Fazemos escolhas estúpidas de vez em quando. Eu aceitara ela com seu jeito errado
de ser, porque também amamos pessoas complicadas de vez em quando.
No
nosso terceiro encontro, a bela cortesã estava sendo paga para ser ouvida. Ela
me contara, ascendendo seus cigarros, sobre os seus maiores fetiches, os
bizarros que teve de realizar, as fantasias que usou, as situações em que se
envolveu com mulheres casadas, as viagens caras bancadas por mulheres de elite
e orgias que pagavam melhor do que muita gente demora a vida inteira para
ganhar. Eu apenas observava a maneira como ela falava, rindo de suas próprias
tragédias, tropeçando em suas próprias palavras. Quando eu a perguntei, para
efeito de confirmação, sobre o nosso próximo encontro, ela disse que não sabia.

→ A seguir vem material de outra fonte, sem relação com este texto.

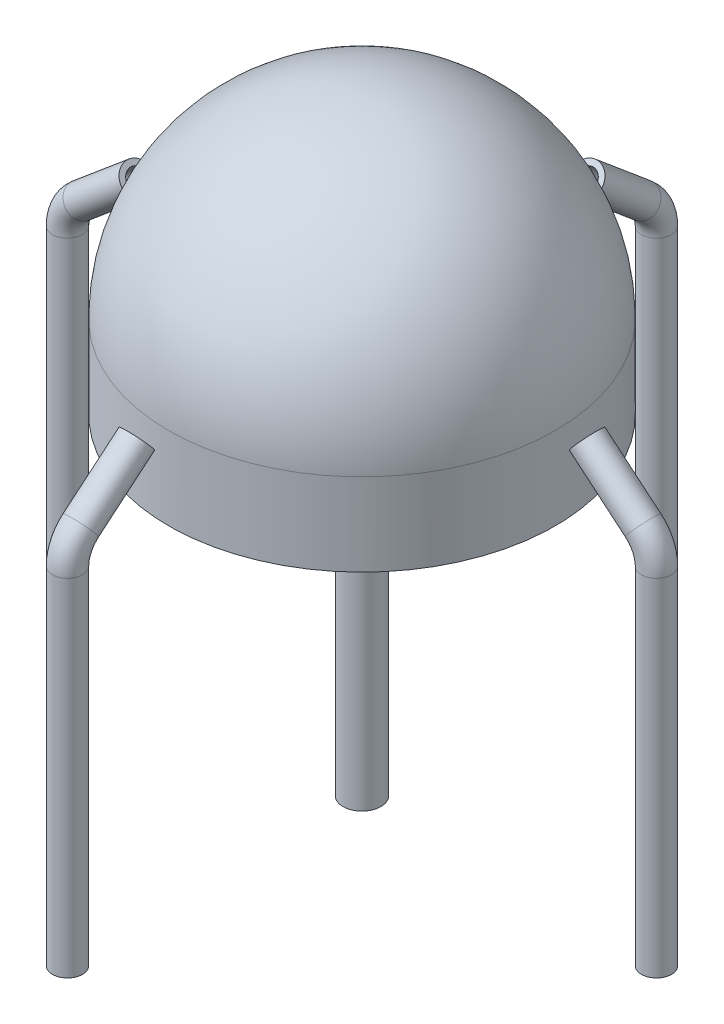
ISO-10303-21;
HEADER;
FILE_DESCRIPTION(('STEP AP214'),'2;1');
FILE_NAME('part.step','',(''),(''),'','','');
FILE_SCHEMA(('AUTOMOTIVE_DESIGN { 1 0 10303 214 1 1 1 1 }'));
ENDSEC;
DATA;
#1=APPLICATION_CONTEXT('core data for automotive mechanical design processes');
#2=APPLICATION_PROTOCOL_DEFINITION('international standard','automotive_design',2000,#1);
#3=PRODUCT_CONTEXT('',#1,'mechanical');
#4=PRODUCT('Part','Part','',(#3));
#5=PRODUCT_RELATED_PRODUCT_CATEGORY('part','',(#4));
#6=PRODUCT_DEFINITION_FORMATION('','',#4);
#7=PRODUCT_DEFINITION_CONTEXT('part definition',#1,'design');
#8=PRODUCT_DEFINITION('design','',#6,#7);
#9=PRODUCT_DEFINITION_SHAPE('','',#8);
#10=(LENGTH_UNIT() NAMED_UNIT(*) SI_UNIT(.MILLI.,.METRE.));
#11=(NAMED_UNIT(*) PLANE_ANGLE_UNIT() SI_UNIT($,.RADIAN.));
#12=(NAMED_UNIT(*) SI_UNIT($,.STERADIAN.) SOLID_ANGLE_UNIT());
#13=UNCERTAINTY_MEASURE_WITH_UNIT(LENGTH_MEASURE(1.E-05),#10,'distance_accuracy_value','');
#14=(GEOMETRIC_REPRESENTATION_CONTEXT(3) GLOBAL_UNCERTAINTY_ASSIGNED_CONTEXT((#13)) GLOBAL_UNIT_ASSIGNED_CONTEXT((#10,
#11,#12)) REPRESENTATION_CONTEXT('',''));
#15=CARTESIAN_POINT('',(0.,0.,0.));
#16=DIRECTION('',(0.,0.,1.));
#17=DIRECTION('',(1.,0.,0.));
#18=AXIS2_PLACEMENT_3D('',#15,#16,#17);
#19=CARTESIAN_POINT('',(0.,0.,0.));
#20=DIRECTION('',(0.,1.,0.));
#21=DIRECTION('',(0.,0.,1.));
#22=AXIS2_PLACEMENT_3D('',#19,#20,#21);
#23=PLANE('',#22);
#24=CARTESIAN_POINT('',(0.,0.,0.));
#25=DIRECTION('',(0.,1.,0.));
#26=DIRECTION('',(0.,0.,1.));
#27=AXIS2_PLACEMENT_3D('',#24,#25,#26);
#28=CIRCLE('',#27,3.54);
#29=CARTESIAN_POINT('',(0.,0.,3.54));
#30=VERTEX_POINT('',#29);
#31=EDGE_CURVE('E57',#30,#30,#28,.T.);
#32=ORIENTED_EDGE('',*,*,#31,.F.);
#33=EDGE_LOOP('',(#32));
#34=FACE_BOUND('',#33,.T.);
#35=CARTESIAN_POINT('',(0.,0.,0.));
#36=DIRECTION('',(0.,1.,0.));
#37=DIRECTION('',(0.,0.,1.));
#38=AXIS2_PLACEMENT_3D('',#35,#36,#37);
#39=CIRCLE('',#38,5.04);
#40=CARTESIAN_POINT('',(0.,0.,5.04));
#41=VERTEX_POINT('',#40);
#42=EDGE_CURVE('E46',#41,#41,#39,.T.);
#43=ORIENTED_EDGE('',*,*,#42,.T.);
#44=EDGE_LOOP('',(#43));
#45=FACE_BOUND('',#44,.T.);
#46=ADVANCED_FACE('F42',(#34,#45),#23,.T.);
#47=CARTESIAN_POINT('',(0.,-110.,0.));
#48=DIRECTION('',(0.,1.,0.));
#49=DIRECTION('',(0.,0.,1.));
#50=AXIS2_PLACEMENT_3D('',#47,#48,#49);
#51=PLANE('',#50);
#52=CARTESIAN_POINT('',(0.,-110.,0.));
#53=DIRECTION('',(0.,1.,0.));
#54=DIRECTION('',(0.,0.,1.));
#55=AXIS2_PLACEMENT_3D('',#52,#53,#54);
#56=CIRCLE('',#55,3.54);
#57=CARTESIAN_POINT('',(0.,-110.,3.54));
#58=VERTEX_POINT('',#57);
#59=EDGE_CURVE('E53',#58,#58,#56,.T.);
#60=ORIENTED_EDGE('',*,*,#59,.T.);
#61=EDGE_LOOP('',(#60));
#62=FACE_BOUND('',#61,.T.);
#63=CARTESIAN_POINT('',(0.,-110.,0.));
#64=DIRECTION('',(0.,1.,0.));
#65=DIRECTION('',(0.,0.,1.));
#66=AXIS2_PLACEMENT_3D('',#63,#64,#65);
#67=CIRCLE('',#66,5.04);
#68=CARTESIAN_POINT('',(0.,-110.,5.04));
#69=VERTEX_POINT('',#68);
#70=EDGE_CURVE('E11',#69,#69,#67,.T.);
#71=ORIENTED_EDGE('',*,*,#70,.F.);
#72=EDGE_LOOP('',(#71));
#73=FACE_BOUND('',#72,.T.);
#74=ADVANCED_FACE('F65',(#62,#73),#51,.F.);
#75=CARTESIAN_POINT('',(0.,0.,0.));
#76=DIRECTION('',(0.,-1.,0.));
#77=DIRECTION('',(0.,0.,-1.));
#78=AXIS2_PLACEMENT_3D('',#75,#76,#77);
#79=CYLINDRICAL_SURFACE('',#78,5.04);
#80=ORIENTED_EDGE('',*,*,#70,.T.);
#81=EDGE_LOOP('',(#80));
#82=FACE_BOUND('',#81,.T.);
#83=ORIENTED_EDGE('',*,*,#42,.F.);
#84=EDGE_LOOP('',(#83));
#85=FACE_BOUND('',#84,.T.);
#86=ADVANCED_FACE('F44',(#82,#85),#79,.T.);
#87=CARTESIAN_POINT('',(0.,0.,0.));
#88=DIRECTION('',(0.,-1.,0.));
#89=DIRECTION('',(0.,0.,-1.));
#90=AXIS2_PLACEMENT_3D('',#87,#88,#89);
#91=CYLINDRICAL_SURFACE('',#90,3.54);
#92=ORIENTED_EDGE('',*,*,#59,.F.);
#93=EDGE_LOOP('',(#92));
#94=FACE_BOUND('',#93,.T.);
#95=ORIENTED_EDGE('',*,*,#31,.T.);
#96=EDGE_LOOP('',(#95));
#97=FACE_BOUND('',#96,.T.);
#98=ADVANCED_FACE('F61',(#94,#97),#91,.F.);
#99=CLOSED_SHELL('',(#46,#74,#86,#98));
#100=MANIFOLD_SOLID_BREP('B2',#99);
#101=CARTESIAN_POINT('',(0.,-110.,-78.4800007493152));
#102=DIRECTION('',(0.,1.,0.));
#103=DIRECTION('',(0.,0.,1.));
#104=AXIS2_PLACEMENT_3D('',#101,#102,#103);
#105=PLANE('',#104);
#106=CARTESIAN_POINT('',(0.,-110.,-78.4800007493152));
#107=DIRECTION('',(0.,1.,0.));
#108=DIRECTION('',(0.,0.,1.));
#109=AXIS2_PLACEMENT_3D('',#106,#107,#108);
#110=CIRCLE('',#109,2.5);
#111=CARTESIAN_POINT('',(0.,-110.,-75.9800007493152));
#112=VERTEX_POINT('',#111);
#113=EDGE_CURVE('E141',#112,#112,#110,.T.);
#114=ORIENTED_EDGE('',*,*,#113,.T.);
#115=EDGE_LOOP('',(#114));
#116=FACE_BOUND('',#115,.T.);
#117=CARTESIAN_POINT('',(0.,-110.,-78.4800007493152));
#118=DIRECTION('',(0.,1.,0.));
#119=DIRECTION('',(0.,0.,1.));
#120=AXIS2_PLACEMENT_3D('',#117,#118,#119);
#121=CIRCLE('',#120,4.);
#122=CARTESIAN_POINT('',(0.,-110.,-74.4800007493152));
#123=VERTEX_POINT('',#122);
#124=EDGE_CURVE('E124',#123,#123,#121,.T.);
#125=ORIENTED_EDGE('',*,*,#124,.F.);
#126=EDGE_LOOP('',(#125));
#127=FACE_BOUND('',#126,.T.);
#128=ADVANCED_FACE('F112',(#116,#127),#105,.F.);
#129=CARTESIAN_POINT('',(0.,2.39999999999995,-60.));
#130=DIRECTION('',(0.,0.642758197121759,0.76606912222905));
#131=DIRECTION('',(0.,-0.76606912222905,0.642758197121759));
#132=AXIS2_PLACEMENT_3D('',#129,#130,#131);
#133=PLANE('',#132);
#134=CARTESIAN_POINT('',(0.,2.39999999999995,-60.));
#135=DIRECTION('',(0.,0.642758197121759,0.76606912222905));
#136=DIRECTION('',(0.,-0.76606912222905,0.642758197121759));
#137=AXIS2_PLACEMENT_3D('',#134,#135,#136);
#138=CIRCLE('',#137,2.5);
#139=CARTESIAN_POINT('',(0.,0.484827194427324,-58.3931045071956));
#140=VERTEX_POINT('',#139);
#141=EDGE_CURVE('E136',#140,#140,#138,.T.);
#142=ORIENTED_EDGE('',*,*,#141,.F.);
#143=EDGE_LOOP('',(#142));
#144=FACE_BOUND('',#143,.T.);
#145=CARTESIAN_POINT('',(0.,2.39999999999995,-60.));
#146=DIRECTION('',(0.,0.642758197121759,0.76606912222905));
#147=DIRECTION('',(0.,-0.76606912222905,0.642758197121759));
#148=AXIS2_PLACEMENT_3D('',#145,#146,#147);
#149=CIRCLE('',#148,4.);
#150=CARTESIAN_POINT('',(0.,-0.66427648891625,-57.428967211513));
#151=VERTEX_POINT('',#150);
#152=EDGE_CURVE('E116',#151,#151,#149,.T.);
#153=ORIENTED_EDGE('',*,*,#152,.T.);
#154=EDGE_LOOP('',(#153));
#155=FACE_BOUND('',#154,.T.);
#156=ADVANCED_FACE('F174',(#144,#155),#133,.T.);
#157=CARTESIAN_POINT('',(0.,-17.7661298370008,-68.4854328987603));
#158=DIRECTION('',(-1.,0.,0.));
#159=DIRECTION('',(0.,0.,1.));
#160=AXIS2_PLACEMENT_3D('',#157,#158,#159);
#161=TOROIDAL_SURFACE('',#160,9.9945678505549,4.);
#162=CARTESIAN_POINT('',(0.,-10.1096000315074,-74.9095232989428));
#163=DIRECTION('',(0.,-0.642758197121758,-0.76606912222905));
#164=DIRECTION('',(0.,0.76606912222905,-0.642758197121758));
#165=AXIS2_PLACEMENT_3D('',#162,#163,#164);
#166=CIRCLE('',#165,4.);
#167=CARTESIAN_POINT('',(0.,-7.04532352775131,-77.4805560998811));
#168=VERTEX_POINT('',#167);
#169=EDGE_CURVE('E41',#168,#168,#166,.F.);
#170=CARTESIAN_POINT('',(0.,-17.7661298370008,-78.4800007493152));
#171=DIRECTION('',(0.,1.,0.));
#172=DIRECTION('',(0.,0.,1.));
#173=AXIS2_PLACEMENT_3D('',#170,#171,#172);
#174=CIRCLE('',#173,4.);
#175=CARTESIAN_POINT('',(0.,-17.7661298370008,-82.4800007493152));
#176=VERTEX_POINT('',#175);
#177=EDGE_CURVE('E126',#176,#176,#174,.T.);
#178=CARTESIAN_POINT('',(0.,-17.7661298370008,-68.4854328987603));
#179=DIRECTION('',(-1.,0.,0.));
#180=DIRECTION('',(0.,0.,1.));
#181=AXIS2_PLACEMENT_3D('',#178,#179,#180);
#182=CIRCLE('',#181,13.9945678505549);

Senti um frio na barriga. “Como assim ela não sabia?”, pensei, inconformada.
Após alguns segundos de silêncio, ela sorriu e disse, olhando nos meus olhos:
-
Não posso te dar certeza e pra ninguém de nada nesse mundo. A única certeza da
vida, que ela nos dá, é a morte.
A
figura sombria daquela mulher fora se revelando. Eu senti desde a primeira vez
que a vi que havia uma nuvem negra que pairava sobre sua cabeça, e mesmo que eu
ignorasse esse detalhe, ele estava por debaixo de um pano transparente. Dormimos
de manhã por poucas horas e eu, mais uma vez, fui embora deixando o pagamento
com outro bilhete que informava o meu endereço, caso ela quisesse me visitar,
em cima da penteadeira, mas ela nunca me visitara. Ao sair daquele quarto,
compreendi o que ela quisera dizer com aquela história de morte: um pedaço de
mim morria toda vez que eu deixava aquele lugar e essa era a única certeza que
eu tinha.
Quarto
encontro. Penélope pediu
para que eu entrasse no quarto sem ao menos bater na porta. Assim que coloquei
meus pés para dentro da suíte, a vi sentada no colchão e nele espalhados
livros, barra de chocolate, isqueiro prata e cigarro. Ela estava tirando o
esmalte roxo da unha com a unha, sussurrando o ritmo de alguma música. Chamei
sua atenção e ela me retribuiu com uma simples piscada de olhos. Foi ao
banheiro e eu a esperei enquanto caminhava pelo quarto, observando aquela
decoração inusitada. Até que, olhando meu reflexo no espelho, percebi que havia
algo de minuciosa estranheza naquele lugar. Recolhi as coisas de cima do
colchão e um pacote de pó branco caiu no chão. Fui lentamente me abaixando para
pegá-lo e, de repente, ela sai do banheiro. Sua aparência era de uma mulher tão
cansada que o banho parecia não ter aliviado os sintomas de um dia ruim. Daí
percebi que Penélope estava passando por um momento difícil. Andei em direção a
ela, que estava cabisbaixa como jamais havia estado, como jamais sua altivez
havia permitido, ergui sua cabeça com a mão no queixo e, ainda assim, seu olhar
estava mergulhado no chão, distante de tudo que a circundava. Perguntei a ela o
que a levou a usar drogas e lhe mostrei o pacote. Ela me olhou e me beijou. Sem
entender nada, eu a empurrei e perguntei o que fora aquilo, o que estava
acontecendo com ela e então a moça foi enfática:
-
Estamos aqui para transar, vê se tira essa roupa e me deixa trabalhar.
Me
recusei a obedecer suas ordens dessa vez e tentei tirar alguma palavra da boca
dela que pudesse me explicar aquela situação, mas nada. Ela estava
completamente perdida em si e não queria que ninguém a encontrasse. Aquele
programa foi adiado e eu fui embora antes mesmo do que eu havia planejado.
Saindo
do hotel, me vi com uma imensa vontade de permanecer por aquelas redondezas,
permanecer perto dela de alguma forma. Fui até o bar do outro lado da rua e, de
lá, fiquei fantasiando a imagem dela desfilando, sem ter consciência disso,
entre os carros da cidade. Sorri sozinha e me deixei viver em pensamento toda
nossa trajetória até aquele momento, em que eu estava loucamente apaixonada por
Penélope. A partir desse dia, eu percebi que eu era capaz de tirá-la daquele
sofrimento, seja por lá que motivo fosse.